» **Directions**: Exactly the lines from the opening of the data through the line containing "undefined symbols (not" should be reproduced, please, with nothing added.

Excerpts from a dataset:
========

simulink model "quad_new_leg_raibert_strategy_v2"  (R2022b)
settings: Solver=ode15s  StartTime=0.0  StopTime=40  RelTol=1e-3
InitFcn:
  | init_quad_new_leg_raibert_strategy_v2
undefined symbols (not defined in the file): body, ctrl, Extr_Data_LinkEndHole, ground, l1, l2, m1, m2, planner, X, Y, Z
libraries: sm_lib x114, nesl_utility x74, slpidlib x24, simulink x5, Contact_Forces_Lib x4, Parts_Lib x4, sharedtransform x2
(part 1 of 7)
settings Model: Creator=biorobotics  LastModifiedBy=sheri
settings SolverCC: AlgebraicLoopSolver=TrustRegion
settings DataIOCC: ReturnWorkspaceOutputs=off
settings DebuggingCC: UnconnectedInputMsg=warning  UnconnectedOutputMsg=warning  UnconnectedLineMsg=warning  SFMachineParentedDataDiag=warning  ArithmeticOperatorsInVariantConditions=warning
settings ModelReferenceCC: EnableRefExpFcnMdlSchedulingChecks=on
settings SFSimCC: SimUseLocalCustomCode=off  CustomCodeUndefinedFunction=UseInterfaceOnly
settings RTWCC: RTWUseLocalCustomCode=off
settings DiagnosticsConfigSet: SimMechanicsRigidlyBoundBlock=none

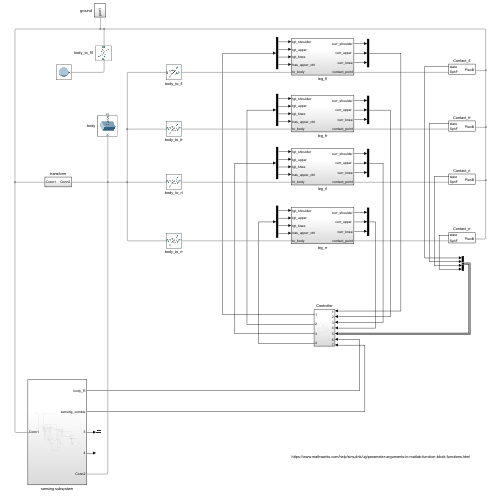
[thumbnail: Simulink's stored preview of the top-level diagram]
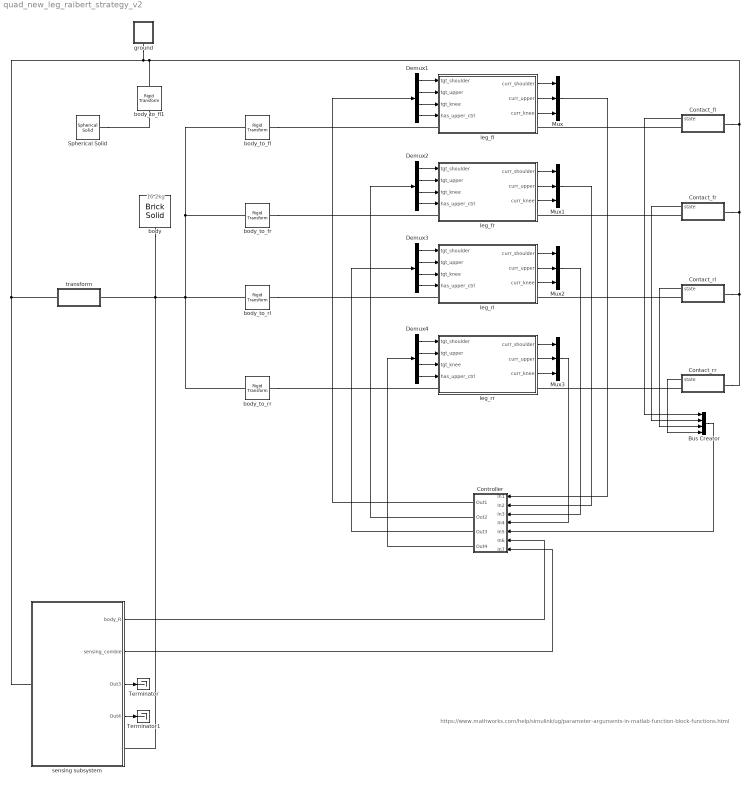
== system quad_new_leg_raibert_strategy_v2 ==
  note: https://www.mathworks.com/help/simulink/ug/parameter-arguments-in-matlab-function-block-functions.html
  note: 16.2kg
  Bus Creator : BusCreator  Inputs=4
  Contact_fl : Subsystem
  Contact_fr : Subsystem
  Contact_rl : Subsystem
  Contact_rr : Subsystem
  Controller : Subsystem
  Demux{1..4} (4 alike) : Demux
  Mux{,1..3} (4 alike) : Mux  Inputs=3
  Spherical Solid : sm_lib/Body Elements/Spherical Solid  GraphicAmbientColor=[0.15 0.15 0.15 1.0]  BasedOnType=Density  CenterOfMass=[0 0 0]  CenterOfMassUnits=m  GraphicDiffuseColor=[0.4 0.2 0.0]  Density=1000  DensityUnits=kg/m^3  DoExposeReferenceFrame=on  GraphicEmissiveColor=[0.0 0.0 0.0 1.0]  ExportEntireGeometry=off  SerializedExposedGeometries=<ExposedGeometries/>  SerializedFrames=<Frames/>  MarkerShape=Sphere  MarkerSize=10  GraphicType=FromGeometry  InertiaType=CalculateFromGeometry  Mass=1  MassUnits=kg  MomentsOfInertia=[1 1 1]  MomentsOfInertiaUnits=kg*m^2  GraphicOpacity=1.0  ProductsOfInertia=[0 0 0]  ProductsOfInertiaUnits=kg*m^2  GraphicShininess=75  GraphicSpecularColor=[0.5 0.5 0.5 1.0]  SphereRadius=0.1  SphereRadiusUnits=m  GraphicVisPropType=SimpleVisualProperties
  Terminator : Terminator
  Terminator1 : Terminator
  body : sm_lib/Body Elements/Brick Solid  GraphicAmbientColor=[0.15 0.15 0.15 1.0]  BasedOnType=Density  BrickDimensions=[body.x_length body.y_length body.z_length]  BrickDimensionUnits=m  CenterOfMass=[0 0 0]  CenterOfMassUnits=m  GraphicDiffuseColor=[164 184 200]/255  Density=600  DensityUnits=kg/(m^3)  DoExposeReferenceFrame=on  GraphicEmissiveColor=[0.0 0.0 0.0 1.0]  ExportEntireGeometry=off  SerializedFrames=<Frames><Frame><Id>Frame2</Id><Value><Name>force</Name><Origin><Source>CenterOfMassFrame</Source><FeatureName></FeatureName></Origin><PrimaryAxis><DefinedDirection>+Z</DefinedDirection><Source>ReferenceFrame</Source><SourceDirection>+Z</SourceDirection><FeatureName></FeatureName></PrimaryAxis><SecondaryAxis><DefinedDirection>+X</DefinedDirection><Source>ReferenceFrame</Source><SourceDirection>+X</SourceDirection><FeatureName></FeatureName></SecondaryAxis></Value></Frame></Frames>  MarkerShape=Sphere  MarkerSize=10  GraphicType=FromGeometry  InertiaType=CalculateFromGeometry  Mass=8.6  MassUnits=kg  MomentsOfInertia=[1 1 1]  MomentsOfInertiaUnits=kg*m^2  GraphicOpacity=1.0  ProductsOfInertia=[0 0 0]  ProductsOfInertiaUnits=kg*m^2  GraphicShininess=75  GraphicSpecularColor=[0.5 0.5 0.5 1.0]  GraphicVisPropType=SimpleVisualProperties
  body_to_fl : sm_lib/Frames and Transforms/Rigid Transform  TranslationMethod=Cartesian  TranslationStandardOffset=0  TranslationLengthUnit=m  TranslationStandardAxis=+Z  TranslationCartesianOffset=[body.shoulder_distance body.y_length/2+body.shoulder_size/2 0]  TranslationROffset=0  TranslationROffsetUnits=m  TranslationZOffset=0  TranslationZOffsetUnits=m  TranslationThetaOffset=0  TranslationThetaOffsetUnits=deg  RotationMethod=AlignedAxes  RotationAngleUnits=deg  RotationStandardAxis=+Z  RotationAngle=0.0  RotationArbitraryAxis=[0 0 1]  FollAlignAxisA=+Z  BaseAlignAxisA=+X  FollAlignAxisB=+X  BaseAlignAxisB=-Z  RotationSequenceAxes=FollowerAxes  RotationSequence=XYX  RotationSequenceAngles=[0 0 0]  RotationSequenceAnglesUnits=deg  RotationMatrix=[1 0 0; 0 1 0; 0 0 1]  Quaternion=[1 0 0 0]
  body_to_fl1 : sm_lib/Frames and Transforms/Rigid Transform  TranslationMethod=Cartesian  TranslationStandardOffset=0  TranslationLengthUnit=m  TranslationStandardAxis=+Z  TranslationCartesianOffset=[5 5 0]  TranslationROffset=0  TranslationROffsetUnits=m  TranslationZOffset=0  TranslationZOffsetUnits=m  TranslationThetaOffset=0  TranslationThetaOffsetUnits=deg  RotationMethod=None  RotationAngleUnits=deg  RotationStandardAxis=+Z  RotationAngle=0.0  RotationArbitraryAxis=[0 0 1]  FollAlignAxisA=+Z  BaseAlignAxisA=+X  FollAlignAxisB=+X  BaseAlignAxisB=-Z  RotationSequenceAxes=FollowerAxes  RotationSequence=XYX  RotationSequenceAngles=[0 0 0]  RotationSequenceAnglesUnits=deg  RotationMatrix=[1 0 0; 0 1 0; 0 0 1]  Quaternion=[1 0 0 0]
  body_to_fr : sm_lib/Frames and Transforms/Rigid Transform  TranslationMethod=Cartesian  TranslationStandardOffset=0  TranslationLengthUnit=m  TranslationStandardAxis=+Z  TranslationCartesianOffset=[body.shoulder_distance -body.y_length/2-body.shoulder_size/2 0]  TranslationROffset=0  TranslationROffsetUnits=m  TranslationZOffset=0  TranslationZOffsetUnits=m  TranslationThetaOffset=0  TranslationThetaOffsetUnits=deg  RotationMethod=AlignedAxes  RotationAngleUnits=deg  RotationStandardAxis=+Z  RotationAngle=0.0  RotationArbitraryAxis=[0 0 1]  FollAlignAxisA=+Z  BaseAlignAxisA=+X  FollAlignAxisB=+X  BaseAlignAxisB=-Z  RotationSequenceAxes=FollowerAxes  RotationSequence=XYX  RotationSequenceAngles=[0 0 0]  RotationSequenceAnglesUnits=deg  RotationMatrix=[1 0 0; 0 1 0; 0 0 1]  Quaternion=[1 0 0 0]
  body_to_rl : sm_lib/Frames and Transforms/Rigid Transform  TranslationMethod=Cartesian  TranslationStandardOffset=0  TranslationLengthUnit=m  TranslationStandardAxis=+Z  TranslationCartesianOffset=[-body.shoulder_distance body.y_length/2+body.shoulder_size/2 0]  TranslationROffset=0  TranslationROffsetUnits=m  TranslationZOffset=0  TranslationZOffsetUnits=m  TranslationThetaOffset=0  TranslationThetaOffsetUnits=deg  RotationMethod=AlignedAxes  RotationAngleUnits=deg  RotationStandardAxis=+Z  RotationAngle=0.0  RotationArbitraryAxis=[0 0 1]  FollAlignAxisA=+Z  BaseAlignAxisA=+X  FollAlignAxisB=+X  BaseAlignAxisB=-Z  RotationSequenceAxes=FollowerAxes  RotationSequence=XYX  RotationSequenceAngles=[0 0 0]  RotationSequenceAnglesUnits=deg  RotationMatrix=[1 0 0; 0 1 0; 0 0 1]  Quaternion=[1 0 0 0]
  body_to_rr : sm_lib/Frames and Transforms/Rigid Transform  TranslationMethod=Cartesian  TranslationStandardOffset=0  TranslationLengthUnit=m  TranslationStandardAxis=+Z  TranslationCartesianOffset=[-body.shoulder_distance -body.y_length/2-body.shoulder_size/2 0]  TranslationROffset=0  TranslationROffsetUnits=m  TranslationZOffset=0  TranslationZOffsetUnits=m  TranslationThetaOffset=0  TranslationThetaOffsetUnits=deg  RotationMethod=AlignedAxes  RotationAngleUnits=deg  RotationStandardAxis=+Z  RotationAngle=0.0  RotationArbitraryAxis=[0 0 1]  FollAlignAxisA=+Z  BaseAlignAxisA=+X  FollAlignAxisB=+X  BaseAlignAxisB=-Z  RotationSequenceAxes=FollowerAxes  RotationSequence=XYX  RotationSequenceAngles=[0 0 0]  RotationSequenceAnglesUnits=deg  RotationMatrix=[1 0 0; 0 1 0; 0 0 1]  Quaternion=[1 0 0 0]
  ground : Subsystem
  leg_fl : Subsystem
  leg_fr : Subsystem
  leg_rl : Subsystem
  leg_rr : Subsystem
  "sensing subsystem " : Subsystem
  transform : Subsystem
  wires:
  leg_fl/1(curr_shoulder) -> Mux/1
  leg_fl/2("curr_upper ") -> Mux/2
  leg_fl/3(curr_knee) -> Mux/3
  leg_fr/2("curr_upper ") -> Mux1/2
  leg_fr/1(curr_shoulder) -> Mux1/1
  leg_fr/3(curr_knee) -> Mux1/3
  leg_rl/1(curr_shoulder) -> Mux2/1
  leg_rl/2("curr_upper ") -> Mux2/2
  leg_rl/3(curr_knee) -> Mux2/3
  leg_rr/1(curr_shoulder) -> Mux3/1
  leg_rr/2("curr_upper ") -> Mux3/2
  leg_rr/3(curr_knee) -> Mux3/3
  Contact_fl/1(state) -> Bus Creator/1
  Contact_rr/1(state) -> Bus Creator/4
  Contact_rl/1(state) -> Bus Creator/3
  Contact_fr/1(state) -> Bus Creator/2
  Demux1/1 -> leg_fl/1(tgt_shoulder)
  Demux1/3 -> leg_fl/3(tgt_knee)
  Demux1/2 -> leg_fl/2(tgt_upper)
  Demux1/4 -> leg_fl/4(has_upper_ctrl)
  Demux2/1 -> leg_fr/1(tgt_shoulder)
  Demux2/3 -> leg_fr/3(tgt_knee)
  Demux2/4 -> leg_fr/4(has_upper_ctrl)
  Demux2/2 -> leg_fr/2(tgt_upper)
  Demux3/4 -> leg_rl/4(has_upper_ctrl)
  Demux3/3 -> leg_rl/3(tgt_knee)
  Demux3/1 -> leg_rl/1(tgt_shoulder)
  Demux3/2 -> leg_rl/2(tgt_upper)
  Demux4/1 -> leg_rr/1(tgt_shoulder)
  Demux4/2 -> leg_rr/2(tgt_upper)
  Demux4/3 -> leg_rr/3(tgt_knee)
  Demux4/4 -> leg_rr/4(has_upper_ctrl)
  Mux/1 -> Controller/1(In1)
  Mux1/1 -> Controller/2(In2)
  Mux2/1 -> Controller/3(In3)
  Mux3/1 -> Controller/4(In4)
  Bus Creator/1 -> Controller/5(In5)
  "sensing subsystem "/1(body_R) -> Controller/6(In6)
  "sensing subsystem "/2(sensing_combie) -> Controller/7(In7)
  Controller/1(Out1) -> Demux1/1
  Controller/2(Out2) -> Demux2/1
  Controller/3(Out3) -> Demux3/1
  Controller/4(Out4) -> Demux4/1
  "sensing subsystem "/3(Out3) -> Terminator/1
  "sensing subsystem "/4(Out4) -> Terminator1/1
  connections:
  body_to_fl/RConn1 -- leg_fl/LConn1
  body_to_rl/RConn1 -- leg_rl/LConn1
  Contact_fl/RConn1 -- leg_fl/RConn1
  Contact_fr/RConn1 -- leg_fr/RConn1
  Contact_rl/RConn1 -- leg_rl/RConn1
  Contact_rr/RConn1 -- leg_rr/RConn1
  body_to_rr/RConn1 -- leg_rr/LConn1
  body_to_fr/RConn1 -- leg_fr/LConn1
  Spherical Solid/RConn1 -- body_to_fl1/RConn1
  Contact_fr/LConn1 -- body_to_fl1/LConn1 -- transform/RConn1 -- "sensing subsystem "/LConn1 -- ground/RConn1 -- Contact_fl/LConn1 -- Contact_rr/LConn1 -- Contact_rl/LConn1
  body_to_rl/LConn1 -- body_to_rr/LConn1 -- body_to_fl/LConn1 -- body_to_fr/LConn1 -- transform/LConn1 -- body/RConn1 -- "sensing subsystem "/RConn1

== system quad_new_leg_raibert_strategy_v2/Contact_fl ==
  note: state 4 166.31ms
  note: 这是一个蛋疼的处理，因为地面现在厚度是0.4，为了和碰撞的block要求匹配，所以碰撞是相对于这个地面的中心来算的。而检测高度的时候就要把这个厚度减掉
      | 但是Transform sensor要检测的是球和地面的高度差
  Bus Selector : BusSelector  OutputSignals=Normal Force,Frame Sep,Friction Force
  Compare To Constant : simulink/Logic and Bit Operations/Compare To Constant  relop=<=  const=planner.touch_down_height  OutDataTypeStr=uint8
  PSConv4 : nesl_utility/PS-Simulink Converter  PhysicalDomain=network_engine_domain  SubClassName=ps_output  LeftPortType=input  RightPortType=output  PseudoPeriodic=off  Frequencies=[]  VectorFormat=1-D array  Unit=1  AffineConversion=off
  Sphere to Plane Force1 : Contact_Forces_Lib/3D/Sphere to Plane Force  sphere_rad=body.foot_radius  plane_lenx=12  plane_leny=12  plane_depth=0  force_law=Linear  k_contact=ground.stiff  b_contact=ground.damp  pen_full_damp_F=1e-4  pen_exponent=1  custom_param_1=1  custom_param_2=1  friction_law=Stick-Slip Continuous  mu_kinetic=0.7  mu_static=0.7  v_thr=0.001
  State Scope : Scope
  Terminator : Terminator
  Transform Sensor : sm_lib/Frames and Transforms/Transform Sensor  MeasurementFrame=World  SenseAngle=off  SenseAxis=off  SenseQ=off  SenseR=off  SenseRotationSequence=off  RotationSequence=XYX  SenseOmegaX=off  SenseOmegaY=off  SenseOmegaZ=off  SenseQDot=off  SenseRDot=off  SenseAlphaX=off  SenseAlphaY=off  SenseAlphaZ=off  SenseQDDot=off  SenseRDDot=off  SenseX=off  SenseY=off  SenseZ=on  SenseRad=off  SenseAzim=off  SenseDist=off  SenseInc=off  SenseXDot=off  SenseYDot=off  SenseZDot=off  SenseRadDot=off  SenseAzimDot=off  SenseDistDot=off  SenseIncDot=off  SenseXDDot=off  SenseYDDot=off  SenseZDDot=off  SenseRadDDot=off  SenseAzimDDot=off  SenseDistDDot=off  SenseIncDDot=off
  ZScope : Scope
  force : Scope  NumInputPorts=2
  PlanB : PMIOPort  Side=Left
  SphF : PMIOPort  Port=2  Side=Right
  state : Outport  VectorParamsAs1DForOutWhenUnconnected=off
  wires:
  Sphere to Plane Force1/1 -> Bus Selector/1
  Bus Selector/1 -> force/1  "<Normal Force>"
  PSConv4/1 -> Compare To Constant/1, ZScope/1
  Compare To Constant/1 -> state/1, State Scope/1
  Bus Selector/3 -> force/2  "<Friction Force>"
  Bus Selector/2 -> Terminator/1  "<Frame Sep>"
  connections:
  Sphere to Plane Force1/LConn1 -- Transform Sensor/RConn1 -- SphF/RConn1
  Sphere to Plane Force1/RConn1 -- Transform Sensor/LConn1 -- PlanB/RConn1
  PSConv4/LConn1 -- Transform Sensor/RConn2

== system quad_new_leg_raibert_strategy_v2/Contact_fr ==
  note: state 4 166.31ms
  note: 这是一个蛋疼的处理，因为地面现在厚度是0.4，为了和碰撞的block要求匹配，所以碰撞是相对于这个地面的中心来算的。而检测高度的时候就要把这个厚度减掉
      | 但是Transform sensor要检测的是球和地面的高度差
  Bus Selector : BusSelector  OutputSignals=Normal Force,Frame Sep,Friction Force
  Compare To Constant : simulink/Logic and Bit Operations/Compare To Constant  relop=<=  const=planner.touch_down_height  OutDataTypeStr=uint8
  PSConv4 : nesl_utility/PS-Simulink Converter  PhysicalDomain=network_engine_domain  SubClassName=ps_output  LeftPortType=input  RightPortType=output  PseudoPeriodic=off  Frequencies=[]  VectorFormat=1-D array  Unit=1  AffineConversion=off
  Sphere to Plane Force1 : Contact_Forces_Lib/3D/Sphere to Plane Force  sphere_rad=body.foot_radius  plane_lenx=12  plane_leny=12  plane_depth=0  force_law=Linear  k_contact=ground.stiff  b_contact=ground.damp  pen_full_damp_F=1e-4  pen_exponent=1  custom_param_1=1  custom_param_2=1  friction_law=Stick-Slip Continuous  mu_kinetic=0.7  mu_static=0.7  v_thr=0.001
  State Scope : Scope
  Terminator : Terminator
  Transform Sensor : sm_lib/Frames and Transforms/Transform Sensor  MeasurementFrame=World  SenseAngle=off  SenseAxis=off  SenseQ=off  SenseR=off  SenseRotationSequence=off  RotationSequence=XYX  SenseOmegaX=off  SenseOmegaY=off  SenseOmegaZ=off  SenseQDot=off  SenseRDot=off  SenseAlphaX=off  SenseAlphaY=off  SenseAlphaZ=off  SenseQDDot=off  SenseRDDot=off  SenseX=off  SenseY=off  SenseZ=on  SenseRad=off  SenseAzim=off  SenseDist=off  SenseInc=off  SenseXDot=off  SenseYDot=off  SenseZDot=off  SenseRadDot=off  SenseAzimDot=off  SenseDistDot=off  SenseIncDot=off  SenseXDDot=off  SenseYDDot=off  SenseZDDot=off  SenseRadDDot=off  SenseAzimDDot=off  SenseDistDDot=off  SenseIncDDot=off
  ZScope : Scope
  force : Scope  NumInputPorts=2
  PlanB : PMIOPort  Side=Left
  SphF : PMIOPort  Port=2  Side=Right
  state : Outport  VectorParamsAs1DForOutWhenUnconnected=off
  wires:
  Sphere to Plane Force1/1 -> Bus Selector/1
  Bus Selector/1 -> force/1  "<Normal Force>"
  PSConv4/1 -> Compare To Constant/1, ZScope/1
  Compare To Constant/1 -> state/1, State Scope/1
  Bus Selector/3 -> force/2  "<Friction Force>"
  Bus Selector/2 -> Terminator/1  "<Frame Sep>"
  connections:
  Sphere to Plane Force1/LConn1 -- Transform Sensor/RConn1 -- SphF/RConn1
  Sphere to Plane Force1/RConn1 -- Transform Sensor/LConn1 -- PlanB/RConn1
  PSConv4/LConn1 -- Transform Sensor/RConn2

== system quad_new_leg_raibert_strategy_v2/Contact_rl ==
  note: 这是一个蛋疼的处理，因为地面现在厚度是0.4，为了和碰撞的block要求匹配，所以碰撞是相对于这个地面的中心来算的。而检测高度的时候就要把这个厚度减掉
      | 但是Transform sensor要检测的是球和地面的高度差
  Bus Selector : BusSelector  OutputSignals=Normal Force,Frame Sep,Friction Force
  Compare To Constant : simulink/Logic and Bit Operations/Compare To Constant  relop=<=  const=planner.touch_down_height  OutDataTypeStr=uint8
  PSConv4 : nesl_utility/PS-Simulink Converter  PhysicalDomain=network_engine_domain  SubClassName=ps_output  LeftPortType=input  RightPortType=output  PseudoPeriodic=off  Frequencies=[]  VectorFormat=1-D array  Unit=1  AffineConversion=off
  Sphere to Plane Force1 : Contact_Forces_Lib/3D/Sphere to Plane Force  sphere_rad=body.foot_radius  plane_lenx=12  plane_leny=12  plane_depth=0  force_law=Linear  k_contact=ground.stiff  b_contact=ground.damp  pen_full_damp_F=1e-4  pen_exponent=1  custom_param_1=1  custom_param_2=1  friction_law=Stick-Slip Continuous  mu_kinetic=0.7  mu_static=0.7  v_thr=0.001
  State Scope : Scope
  Terminator : Terminator
  Transform Sensor : sm_lib/Frames and Transforms/Transform Sensor  MeasurementFrame=World  SenseAngle=off  SenseAxis=off  SenseQ=off  SenseR=off  SenseRotationSequence=off  RotationSequence=XYX  SenseOmegaX=off  SenseOmegaY=off  SenseOmegaZ=off  SenseQDot=off  SenseRDot=off  SenseAlphaX=off  SenseAlphaY=off  SenseAlphaZ=off  SenseQDDot=off  SenseRDDot=off  SenseX=off  SenseY=off  SenseZ=on  SenseRad=off  SenseAzim=off  SenseDist=off  SenseInc=off  SenseXDot=off  SenseYDot=off  SenseZDot=off  SenseRadDot=off  SenseAzimDot=off  SenseDistDot=off  SenseIncDot=off  SenseXDDot=off  SenseYDDot=off  SenseZDDot=off  SenseRadDDot=off  SenseAzimDDot=off  SenseDistDDot=off  SenseIncDDot=off
  ZScope : Scope
  force : Scope  NumInputPorts=2
  PlanB : PMIOPort  Side=Left
  SphF : PMIOPort  Port=2  Side=Right
  state : Outport  VectorParamsAs1DForOutWhenUnconnected=off
  wires:
  Sphere to Plane Force1/1 -> Bus Selector/1
  Bus Selector/1 -> force/1  "<Normal Force>"
  PSConv4/1 -> Compare To Constant/1, ZScope/1
  Compare To Constant/1 -> state/1, State Scope/1
  Bus Selector/3 -> force/2  "<Friction Force>"
  Bus Selector/2 -> Terminator/1  "<Frame Sep>"
  connections:
  Sphere to Plane Force1/LConn1 -- Transform Sensor/RConn1 -- SphF/RConn1
  Sphere to Plane Force1/RConn1 -- Transform Sensor/LConn1 -- PlanB/RConn1
  PSConv4/LConn1 -- Transform Sensor/RConn2

== system quad_new_leg_raibert_strategy_v2/Contact_rr ==
  note: state 4 166.31ms
  note: 这是一个蛋疼的处理，因为地面现在厚度是0.4，为了和碰撞的block要求匹配，所以碰撞是相对于这个地面的中心来算的。而检测高度的时候就要把这个厚度减掉
      | 但是Transform sensor要检测的是球和地面的高度差
  Bus Selector : BusSelector  OutputSignals=Normal Force,Frame Sep,Friction Force
  Compare To Constant : simulink/Logic and Bit Operations/Compare To Constant  relop=<=  const=planner.touch_down_height  OutDataTypeStr=uint8
  PSConv4 : nesl_utility/PS-Simulink Converter  PhysicalDomain=network_engine_domain  SubClassName=ps_output  LeftPortType=input  RightPortType=output  PseudoPeriodic=off  Frequencies=[]  VectorFormat=1-D array  Unit=1  AffineConversion=off
  Sphere to Plane Force1 : Contact_Forces_Lib/3D/Sphere to Plane Force  sphere_rad=body.foot_radius  plane_lenx=12  plane_leny=12  plane_depth=0  force_law=Linear  k_contact=ground.stiff  b_contact=ground.damp  pen_full_damp_F=1e-4  pen_exponent=1  custom_param_1=1  custom_param_2=1  friction_law=Stick-Slip Continuous  mu_kinetic=0.7  mu_static=0.7  v_thr=0.001
  State Scope : Scope
  Terminator : Terminator
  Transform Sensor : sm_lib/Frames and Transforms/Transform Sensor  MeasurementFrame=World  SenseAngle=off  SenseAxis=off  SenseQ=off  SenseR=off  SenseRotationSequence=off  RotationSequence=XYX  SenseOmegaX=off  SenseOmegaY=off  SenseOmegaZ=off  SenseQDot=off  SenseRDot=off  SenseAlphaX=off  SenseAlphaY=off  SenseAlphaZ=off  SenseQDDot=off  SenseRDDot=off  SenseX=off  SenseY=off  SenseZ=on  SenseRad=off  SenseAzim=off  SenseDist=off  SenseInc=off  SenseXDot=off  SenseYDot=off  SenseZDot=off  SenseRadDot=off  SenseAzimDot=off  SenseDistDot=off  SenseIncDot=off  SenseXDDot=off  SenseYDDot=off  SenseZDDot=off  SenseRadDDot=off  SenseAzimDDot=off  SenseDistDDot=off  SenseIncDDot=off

========

» **Response to the task**:
simulink model "quad_new_leg_raibert_strategy_v2"  (R2022b)
settings: Solver=ode15s  StartTime=0.0  StopTime=40  RelTol=1e-3
InitFcn:
  | init_quad_new_leg_raibert_strategy_v2
undefined symbols (not defined in the file): body, ctrl, Extr_Data_LinkEndHole, ground, l1, l2, m1, m2, planner, X, Y, Z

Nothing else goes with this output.